6 Tips For Getting Your Jam On
Photos: Karen Jackson/Flickr
Seasonal fruit makes me feel like a drug addict: it makes me excited and a little anxious that I won’t eat enough of them in their short season. So when cherries first show up, I buy five pounds just because I can. Fresh apricots get hoarded, and somehow, I always “accidentally” pick 20 pounds of organic Chandler strawberries with my family. I discovered the hard way that there is a limit on how many pies, cobblers and crisps a person can consume a year (mine is 33), and I wanted those flavors to last year-round. So I let my inner grandma shine and got my jam on. There is nothing quite like drowning in a sea of strawberry hulls and juiced lemons, with at least one fresh burn on my arm and my clothing covered in mysterious sticky bits.

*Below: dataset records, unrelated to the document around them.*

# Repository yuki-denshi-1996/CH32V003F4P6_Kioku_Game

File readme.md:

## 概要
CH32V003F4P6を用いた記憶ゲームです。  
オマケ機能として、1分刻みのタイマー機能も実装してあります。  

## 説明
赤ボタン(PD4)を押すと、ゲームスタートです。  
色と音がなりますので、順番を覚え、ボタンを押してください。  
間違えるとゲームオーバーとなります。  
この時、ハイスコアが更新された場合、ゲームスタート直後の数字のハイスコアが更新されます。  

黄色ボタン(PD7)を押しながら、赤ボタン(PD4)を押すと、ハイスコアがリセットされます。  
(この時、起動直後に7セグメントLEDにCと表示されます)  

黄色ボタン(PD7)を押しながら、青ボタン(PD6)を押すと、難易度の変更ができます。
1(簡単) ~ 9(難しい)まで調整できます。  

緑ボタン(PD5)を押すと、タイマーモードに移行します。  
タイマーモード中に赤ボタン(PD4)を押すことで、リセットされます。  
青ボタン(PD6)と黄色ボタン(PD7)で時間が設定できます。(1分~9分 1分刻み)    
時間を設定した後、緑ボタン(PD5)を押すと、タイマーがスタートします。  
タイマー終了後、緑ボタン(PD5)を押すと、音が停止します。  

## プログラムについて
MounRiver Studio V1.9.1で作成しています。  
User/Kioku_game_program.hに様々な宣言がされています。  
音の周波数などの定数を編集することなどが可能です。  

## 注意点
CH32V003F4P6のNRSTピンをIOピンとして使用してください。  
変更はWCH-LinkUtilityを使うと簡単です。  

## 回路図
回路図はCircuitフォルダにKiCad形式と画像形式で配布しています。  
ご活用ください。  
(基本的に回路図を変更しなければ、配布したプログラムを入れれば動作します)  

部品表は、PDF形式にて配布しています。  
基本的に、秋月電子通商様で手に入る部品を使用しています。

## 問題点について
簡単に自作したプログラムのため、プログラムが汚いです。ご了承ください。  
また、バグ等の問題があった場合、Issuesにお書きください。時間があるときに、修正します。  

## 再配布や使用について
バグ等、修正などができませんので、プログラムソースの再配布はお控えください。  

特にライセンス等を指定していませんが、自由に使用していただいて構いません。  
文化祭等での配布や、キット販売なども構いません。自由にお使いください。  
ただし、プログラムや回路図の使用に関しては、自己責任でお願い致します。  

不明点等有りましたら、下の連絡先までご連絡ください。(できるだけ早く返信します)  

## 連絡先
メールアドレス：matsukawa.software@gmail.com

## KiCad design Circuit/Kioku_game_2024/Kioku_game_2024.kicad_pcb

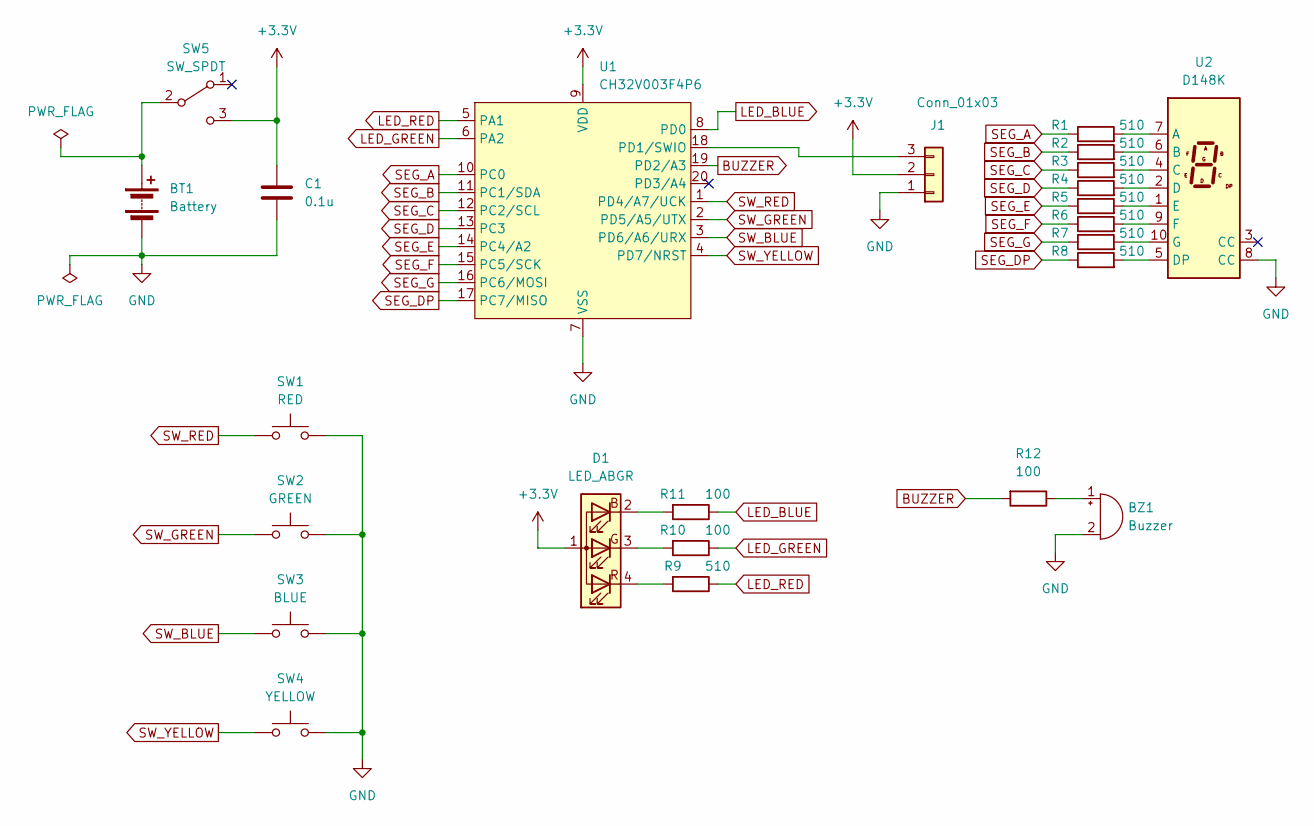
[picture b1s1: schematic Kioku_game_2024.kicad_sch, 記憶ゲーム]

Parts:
BT1: Battery; Coin_Cell_Batt_CR2032
BZ1: Buzzer; AKI_CERAMIC_BUZZER_PKM13EPYH4000-A0
C1: 0.1u; C_DISK_P5.0mm
D1: LED_ABGR; LED_BL-FL7680RGB
J1: Conn_01x03; PinSocket_1x03_P2.54mm_Vertical
R1, R2, R3, R4, R5, R6, R7, R8, R9: 510; R_1_4W
R10, R11, R12: 100; R_1_4W
SW1: RED; SW_PUSH_6mm
SW2: GREEN; SW_PUSH_6mm
SW3: BLUE; SW_PUSH_6mm
SW4: YELLOW; SW_PUSH_6mm
SW5: SW_SPDT; Yuki_PinHeader_1x03_P2.54mm_Vertical
U1: CH32V003F4P6; TSSOP-20_4.4x6.5mm_P0.65mm
U2: D148K; 7SegmentLED_LTS6760_LTS6780

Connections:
+3.3V: C1.1, D1.1 (A), J1.2, SW5.3 (C), U1.9 (VDD)
BUZZER: R12.2, U1.19 (PD2/A3)
GND: BT1.2 (-), BZ1.2 (+), C1.2, J1.1, SW1.2, SW2.2, SW3.2, SW4.2, U1.7 (VSS), U2.8 (CC)
LED_BLUE: R11.1, U1.8 (PD0)
LED_GREEN: R10.1, U1.6 (PA2)
LED_RED: R9.1, U1.5 (PA1)
unnamed: BT1.1 (+), SW5.2 (B)
unnamed: BZ1.1 (-), R12.1
unnamed: D1.2 (BK), R11.2
unnamed: D1.3 (GK), R10.2
unnamed: D1.4 (RK), R9.2
unnamed: J1.3, U1.18 (PD1/SWIO)
unnamed: R1.2, U2.7 (A)
unnamed: R2.2, U2.6 (B)
unnamed: R3.2, U2.4 (C)
unnamed: R4.2, U2.2 (D)
unnamed: R8.2, U2.5 (DP)
unnamed: R5.2, U2.1 (E)
unnamed: R6.2, U2.9 (F)
unnamed: R7.2, U2.10 (G)
SEG_A: R1.1, U1.10 (PC0)
SEG_B: R2.1, U1.11 (PC1/SDA)
SEG_C: R3.1, U1.12 (PC2/SCL)
SEG_D: R4.1, U1.13 (PC3)
SEG_DP: R8.1, U1.17 (PC7/MISO)
SEG_E: R5.1, U1.14 (PC4/A2)
SEG_F: R6.1, U1.15 (PC5/SCK)
SEG_G: R7.1, U1.16 (PC6/MOSI)
SW_BLUE: SW3.1, U1.3 (PD6/A6/URX)
SW_GREEN: SW2.1, U1.2 (PD5/A5/UTX)
SW_RED: SW1.1, U1.1 (PD4/A7/UCK)
SW_YELLOW: SW4.1, U1.4 (PD7/NRST)

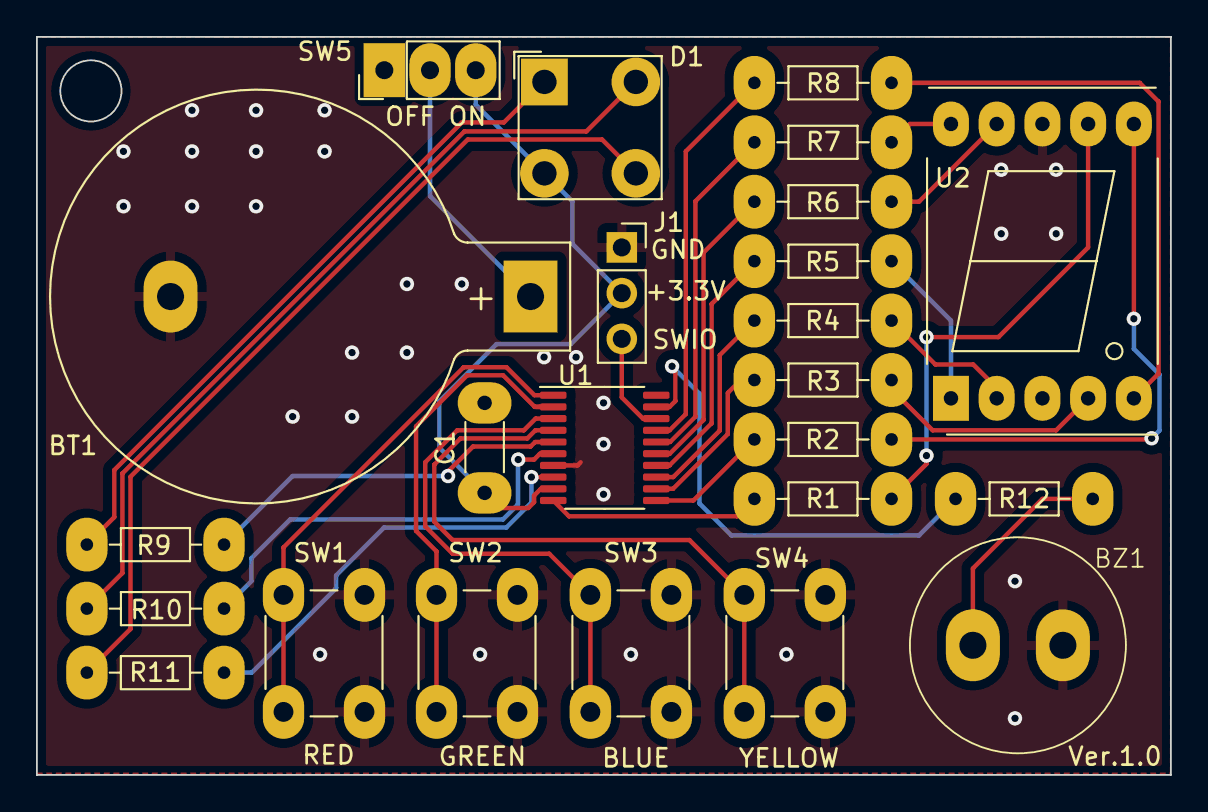
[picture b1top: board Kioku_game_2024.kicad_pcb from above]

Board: 2 copper layers, 63.0 x 41.0 mm, 24 parts (0 on the bottom side), 32 nets.

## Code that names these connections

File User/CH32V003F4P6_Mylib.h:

/*
 * CH32V003F4P6_Mylib.h
 *
 *  Created on: Jan 21, 2024
 *      Author: Yuki(denshi-1996)
 */

#ifndef USER_CH32V003F4P6_MYLIB_H_
#define USER_CH32V003F4P6_MYLIB_H_

//入出力関係_定義
#define MODE_OUTPUT 0b11 //50MHz スピード OUTPUT
#define MODE_OUTPUT_2MHz 0b10
#define MODE_OUTPUT_10MHz 0b01
#define MODE_INPUT 0b00
#define CNF_INPUT_ANALOG 0b00
#define CNF_INPUT_FLOAT 0b01
#define CNF_INPUT_PULL 0b10
#define CNF_OUTPUT_PUSH_PULL 0b00
#define CNF_OUTPUT_OPEN_DRAIN 0b01
#define CNF_OUTPUT_FUNC_PUSH_PULL 0b10
#define CNF_OUTPUT_FUNC_OPEN_DRAIN 0b11

//ピン_定義
#define PA1 1
#define PA2 2
#define PC0 0
#define PC1 1
#define PC2 2
#define PC3 3
#define PC4 4
#define PC5 5
#define PC6 6
#define PC7 7
#define PD0 0
#define PD1 1
#define PD2 2
#define PD3 3
#define PD4 4
#define PD5 5
#define PD6 6
#define PD7 7


#define RA3 440
#define SI3 494
#define DO4 523
#define DO4S 554
#define RE4 587
#define MI4 659
#define FA4 698
#define SO4 794
#define RA4 440 * 2
#define SI4 494 * 2
#define DO5 523 * 2
#define RE5 587 * 2
#define MI5 659 * 2
#define FA5 698 * 2
#define SO5 794 * 2

//ユーザーオプション設定
int PD7_IO_Mode(void); //PD7を標準で使用
int PD7_NRST_Mode(void); //PD7をNRST(12ms typ)で使用

//クロック設定
void Clock_init_PLL(void);
void Clock_init_8MHz(void);

//入出力設定
void pin_init(void);

//Timer2 割り込み設定
void TIM2_interrupt_init(void);

//Timer1 PWM初期化設定
void TIM1_PWM_init(void);
//TIM1_PWMを用いたtone関数 (TIM1_CH1 PD2)
void tone(int freq);
//toneを止める関数
void no_tone(void);

//FLASH書き込み関数
void FLASH_write(uint32_t Address, uint16_t Data);
//FLASH読み出し関数
uint16_t FLASH_read(uint32_t Address);
//FLASH削除関数
void FLASH_Erase(volatile uint32_t Address);


//特定ビット置き換え関数(レジスタ操作特化)
uint32_t bit_replace(uint32_t data, uint32_t byte, uint8_t len, uint8_t shift);

#endif /* USER_CH32V003F4P6_MYLIB_H_ */

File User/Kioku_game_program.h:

/*
 * Kioku_test_program.h
 *
 *  Created on: Jan 23, 2024
 *      Author: yuki(denshi-1996)
 */
#include "CH32V003F4P6_Mylib.h"

#ifndef USER_KIOKU_GAME_PROGRAM_H_
#define USER_KIOKU_GAME_PROGRAM_H_

#define LED_RED PD0
#define LED_GREEN PA2
#define LED_BLUE PA1

#define RED 1
#define GREEN 2
#define BLUE 3
#define YELLOW 4

#define SW_RED PD4
#define SW_GREEN PD5
#define SW_BLUE PD6
#define SW_YELLOW PD7

#define SEG_DOT 0x80

#define MODE_START 0
#define MODE_GAME_START 5
#define MODE_RANDOM 10
#define MODE_LED_BEEP 17
#define MODE_WAIT 15
#define MODE_JUDGE 20
#define MODE_CLEAR_ONCE 25
#define MODE_CLEAR 30
#define MODE_GAMEOVER 100
#define MODE_GAMEOVER_RUN 110
#define MODE_TIMER_SELECT 500
#define MODE_TIMER_SECTION 530
#define MODE_TIMER_END 550

#define HISCORE_FLASH 0x08003FC0
#define DIF_TIME_FLASH 0x08003FC2

#define SEG_SEQUENCE_WAIT_TIME 600
#define SEG_SEQUENCE_1DEG_WAIT_TIME 400

//#define RED_BEEP SI4
//#define GREEN_BEEP SO4
//#define BLUE_BEEP RA4
//#define YELLOW_BEEP RE4
#define RED_BEEP DO4
#define GREEN_BEEP RE4
#define BLUE_BEEP MI4
#define YELLOW_BEEP FA4
//#define RED_BEEP DO4
//#define GREEN_BEEP DO4
//#define BLUE_BEEP DO4
//#define YELLOW_BEEP DO4

#define GAMEOVER_BEEP1 DO4S
#define GAMEOVER_BEEP2 DO4S

#define TIMER_BEEP 4000

//7セグに数字を出力する用途で使用
void segment_out(int num);
//7セグに文字を出力する用途で使用
void segment_out_char(char moji);
#endif /* USER_KIOKU_GAME_PROGRAM_H_ */

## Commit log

2024-02-14 [add] ファーストコミット
    ファーストコミット
2024-02-15 [Update] 微小な修正
2024-02-15 [Add] 回路データの追加
    回路図と基板例・部品表を追加
2024-02-16 [Update] readme.mdの編集
    readme.mdの微小な編集

Jam is probably the easiest of fruit preserves to make. It’s not picky like jelly, which requires you to strain the fruit out of the syrup. You don’t have to double cook it like you would a fruit butter. But jam does have a fairly strict set of rules you’ll need to follow, unless you enjoy getting burned on awkward body parts or throwing away four hours of work because you just had to send that email in the final stages of cooking your blackberry jam. Learn from my experience, and find out how to get a little bit of spring and summer all year long.
1. Start with a few good jam cookbooks
A good jam book will not only give you tested recipes, but it will also explain in great detail how to make jam, test if it has gelled, and how to experiment with different flavors and spices. I like starting with The Complete Book of Small-Batch Preserving when I am making an unfamiliar jam because it offers recipes that yield a small amount, allowing me to test a few different recipes. I like to pair it with a specialized jam book, like The Blue Chair Jam Cookbook. This book has pages dedicated to describing different fruit varieties, spice pairings and how to get the true essence of the fruit into your jar of jam.